Directions for this task :: Go through the data and copy each line where the string "ceco" appears.
(Input material)
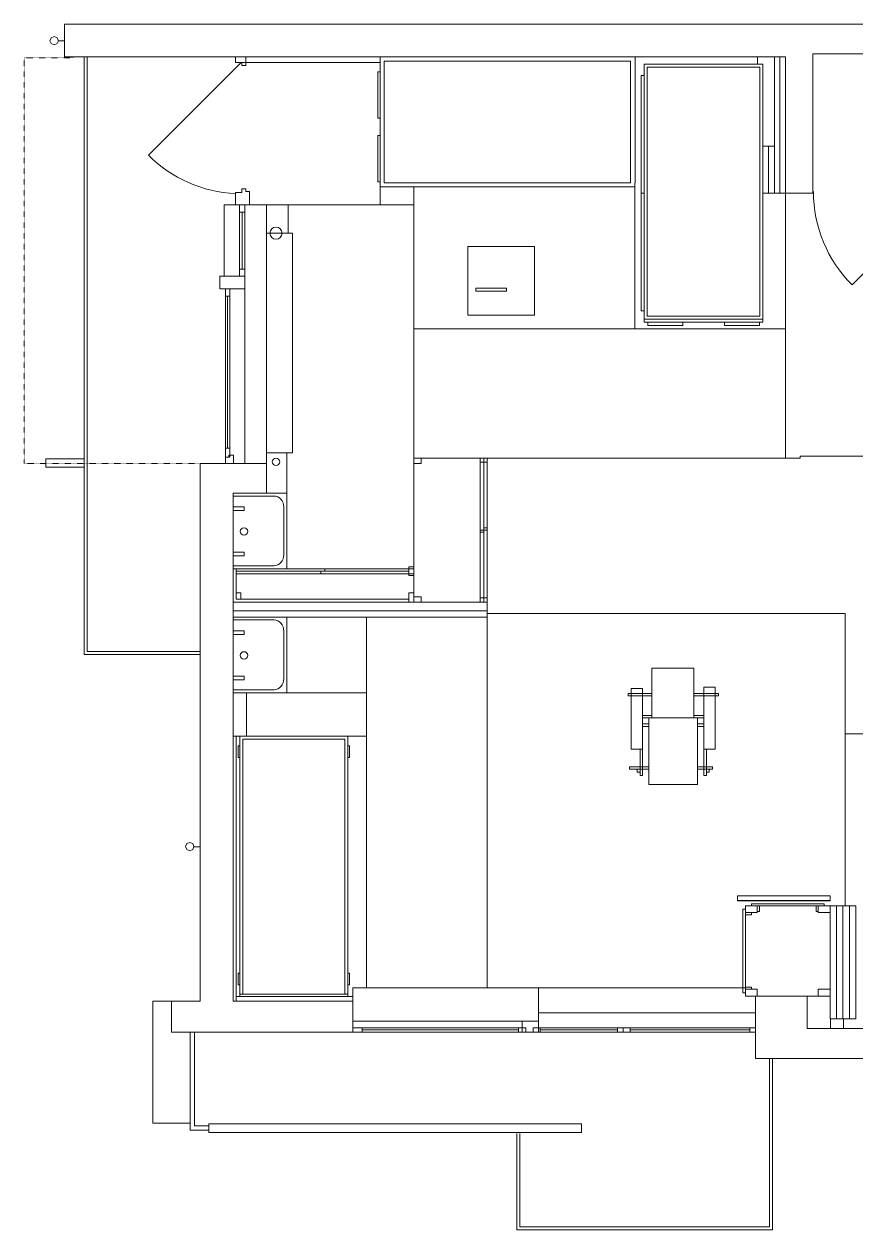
# Model space of a CAD drawing. Header units: millimetres. Extents: x -3711 to 12359, y 0 to 9089.
# Drawn here: x -3711 to 2555, y 0 to 9089 of the extents above; entities that cross this region are included whole.
import ezdxf

# ---------------------------------------------------------------- set-up
doc = ezdxf.new("R2010")
doc.units = ezdxf.units.MM
doc.linetypes.add('STYLE_01', pattern=[0.416641, 0.208282, -0.208359])
doc.layers.add('ceco.net 307 first floor', color=7, linetype='Continuous')

msp = doc.modelspace()

# ---------------------------------------------------------------- linework, layer by layer
at = {"layer": 'ceco.net 307 first floor', "lineweight": 5}
for p, q in [((-3406.007, 9089.308), (2979.102, 9089.308)), ((-1076.999, 8843.755), (-3406.007, 8843.755)), ((-3257.485, 4336.701), (-3257.485, 8843.755)), ((-3235.037, 4359.149), (-3235.037, 8843.755)), ((-1076.999, 8843.755), (2023.828, 8843.755)), ((-1029.718, 7726.883), (-1029.718, 8843.643)), ((891.13, 7893.222), (891.13, 8843.755)), ((1813.911, 8843.755), (1813.911, 8786.316)), ((2023.828, 8843.755), (2023.828, 7317.319)), ((2229.76, 8865.529), (2229.76, 7814.009)), ((3263.434, 8865.529), (2229.76, 8865.529)), ((-2118.838, 8800.178), (-1029.718, 8800.178)), ((-999.806, 7893.222), (-999.806, 8808.764)), ((857.766, 8808.764), (-999.806, 8808.764)), ((857.766, 7893.222), (857.766, 8808.764)), ((1853.504, 8786.316), (960.438, 8786.316)), ((960.438, 8786.316), (960.438, 6865.469)), ((1831.056, 8763.868), (982.886, 8763.868)), ((982.886, 8763.868), (982.886, 6887.917)), ((1831.056, 8763.868), (1831.056, 6887.917)), ((1853.504, 8786.316), (1853.504, 6865.469)), ((-1029.718, 7861.543), (889.137, 7861.543)), ((857.766, 7893.222), (-999.806, 7893.222)), ((-776.252, 7376.385), (-776.252, 7861.543)), ((889.137, 6797.283), (889.137, 7893.222)), ((-2204, 7726.883), (-2047.566, 7726.883)), ((-2204, 7188.271), (-2204, 7726.883)), ((-776.252, 7726.883), (-2088.534, 7726.883)), ((-2047.566, 7726.883), (-2047.566, 5778.34)), ((-1885.183, 5554.562), (-1885.183, 7726.574)), ((2023.828, 7814.009), (1853.504, 7814.009)), ((2229.76, 7814.009), (1998.798, 7814.009)), ((-1720.807, 7513.009), (-1720.807, 7724.918)), ((-1885.183, 7513.009), (-1689.128, 7513.009)), ((-1689.128, 5857.553), (-1689.128, 7513.009)), ((-776.252, 4732.768), (-776.252, 7376.385)), ((-368.315, 7412.021), (-293.058, 7412.021)), ((-368.315, 6895.184), (-368.315, 7412.021)), ((-293.058, 7412.021), (134.66, 7412.021)), ((134.66, 7412.021), (134.66, 6895.184)), ((2023.828, 7344.705), (2023.828, 5817.933)), ((-2235.68, 7188.271), (-2235.68, 7093.204)), ((-2047.566, 7188.271), (-2235.68, 7188.271)), ((-2235.68, 7093.204), (-2047.566, 7093.204)), ((-2194.095, 5778.34), (-2194.095, 7093.204)), ((-308.912, 7077.378), (-75.229, 7077.378)), ((134.66, 6895.184), (-368.315, 6895.184)), ((1853.504, 6865.469), (960.438, 6865.469)), ((1831.056, 6887.917), (982.886, 6887.917)), ((-776.252, 6792.204), (2023.828, 6792.204)), ((-283.153, 6792.204), (-283.153, 6790.24)), ((-1885.183, 5857.553), (-1689.128, 5857.553)), ((-1732.705, 4984.242), (-1732.705, 5857.553)), ((-275.184, 4732.768), (-275.184, 5817.933)), ((2134.721, 5817.933), (-221.786, 5817.933)), ((-221.786, 5817.933), (-221.786, 1825.78)), ((2134.721, 5831.794), (2134.721, 5817.933)), ((3370.371, 5831.794), (2134.721, 5831.794)), ((-2384.202, 5778.34), (-1885.183, 5778.34)), ((-2384.202, 1724.793), (-2384.202, 5778.34)), ((-2136.656, 3621.985), (-2136.656, 5554.562)), ((-3257.485, 5128.807), (-3257.485, 5041.681)), ((-776.252, 4984.242), (-2136.656, 4984.242)), ((-2114.208, 4946.642), (-776.252, 4946.642)), ((-3257.485, 4792.171), (-3259.477, 4724.855)), ((-2136.656, 4732.768), (-219.794, 4732.768)), ((-811.888, 4802.077), (-776.252, 4802.077)), ((-811.888, 4732.768), (-811.888, 4802.077)), ((-720.805, 4773.063), (-776.252, 4773.063)), ((-720.805, 4732.768), (-720.805, 4773.063)), ((-2136.656, 4667.417), (-1089.121, 4667.417)), ((-221.197, 4667.417), (-1178.239, 4667.417)), ((2475.313, 4645.642), (-221.197, 4645.642)), ((2475.313, 2441.613), (2475.313, 4645.642)), ((-221.169, 4619.883), (-2102.283, 4619.883)), ((-1132.698, 4619.883), (-1132.698, 1825.78)), ((-2384.202, 4336.701), (-3257.485, 4336.701)), ((-2384.202, 4359.149), (-3235.037, 4359.149)), ((1334.786, 4233.749), (1017.708, 4233.749)), ((1409.931, 4091.176), (1409.931, 3623.837)), ((1495.093, 4091.176), (1409.931, 4091.176)), ((1495.093, 3623.837), (1495.093, 4091.176)), ((-2136.656, 4049.592), (-1130.705, 4049.592)), ((-2035.669, 3720.869), (-2035.669, 4049.592)), ((861.414, 4081.271), (861.414, 3623.837)), ((948.541, 4081.271), (861.414, 4081.271)), ((948.541, 3623.837), (948.541, 4081.271)), ((948.541, 4081.271), (948.541, 3471.752)), ((1017.708, 4043.643), (948.541, 4043.643)), ((1409.931, 4043.643), (1334.786, 4043.643)), ((948.541, 3859.485), (1362.426, 3859.485)), ((996.074, 3859.485), (996.074, 3356.51)), ((1362.426, 3356.51), (1362.426, 3859.485)), ((948.541, 3813.944), (996.074, 3813.944)), ((1362.426, 3813.944), (1409.931, 3813.944)), ((3815.936, 3738.687), (2475.313, 3738.687)), ((-1132.698, 3720.869), (-2136.656, 3720.869)), ((-2136.656, 3720.869), (-2136.656, 1724.793)), ((-2114.208, 3720.869), (-2114.208, 1724.793)), ((-2085.194, 1760.092), (-2085.194, 3720.869)), ((-2062.746, 1776.928), (-2062.746, 3698.421)), ((-1295.726, 3698.421), (-2062.746, 3698.421)), ((-1295.726, 3698.421), (-1295.726, 1776.928)), ((-1273.278, 3720.869), (-1273.278, 1760.092)), ((861.414, 3623.837), (948.541, 3623.837)), ((1409.931, 3623.837), (1495.093, 3623.837)), ((948.541, 3471.752), (996.074, 3471.752)), ((1409.931, 3471.752), (1364.362, 3471.752)), ((996.074, 3356.51), (1362.426, 3356.51)), ((-2495.095, 2889.114), (-2485.751, 2911.646)), ((-2485.751, 2911.646), (-2463.219, 2920.99)), ((-2463.219, 2920.99), (-2440.687, 2911.646)), ((-2440.687, 2911.646), (-2431.343, 2889.114)), ((-2485.751, 2866.582), (-2495.095, 2889.114)), ((-2463.219, 2857.238), (-2485.751, 2866.582)), ((-2440.687, 2866.582), (-2463.219, 2857.238)), ((-2431.343, 2889.114), (-2440.687, 2866.582)), ((-2384.202, 2887.178), (-2431.735, 2887.178)), ((2360.464, 2479.242), (1663.425, 2479.242)), ((2360.464, 2517.712), (2360.464, 2479.242)), ((1722.828, 2443.634), (2366.777, 2443.634)), ((1722.828, 1762.393), (1722.828, 2443.634)), ((-1233.686, 1825.78), (1722.828, 1825.78)), ((-1233.686, 1491.109), (-1233.686, 1825.78)), ((164.376, 1825.78), (164.376, 1491.109)), ((2360.464, 1762.393), (1722.828, 1762.393)), ((1798.057, 1762.393), (1798.057, 1291.097)), ((2188.175, 1518.832), (2188.175, 1762.393)), ((-2742.612, 1724.793), (-2384.202, 1724.793)), ((-2742.612, 803.976), (-2742.612, 1724.793)), ((-2602.032, 1491.109), (-2602.032, 1724.793)), ((-2136.656, 1724.793), (-1233.686, 1724.793)), ((-1233.686, 1572.314), (164.376, 1572.314)), ((164.376, 1635.674), (1798.057, 1635.674)), ((2362.428, 1518.832), (2362.428, 1587.972)), ((2461.452, 1592.097), (2461.452, 1518.832)), ((-1128.713, 1491.109), (-2602.032, 1491.109)), ((-2461.423, 1491.109), (-2461.423, 752.738)), ((-2428.06, 1491.109), (-2428.06, 783.604)), ((1798.057, 1491.109), (-1262.251, 1491.109)), ((1120.324, 1522.844), (123.044, 1522.844)), ((3802.074, 1518.832), (2188.175, 1518.832)), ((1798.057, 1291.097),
(End Input material)
Answer box ::
doc.layers.add('ceco.net 307 first floor', color=7, linetype='Continuous')
at = {"layer": 'ceco.net 307 first floor', "lineweight": 5}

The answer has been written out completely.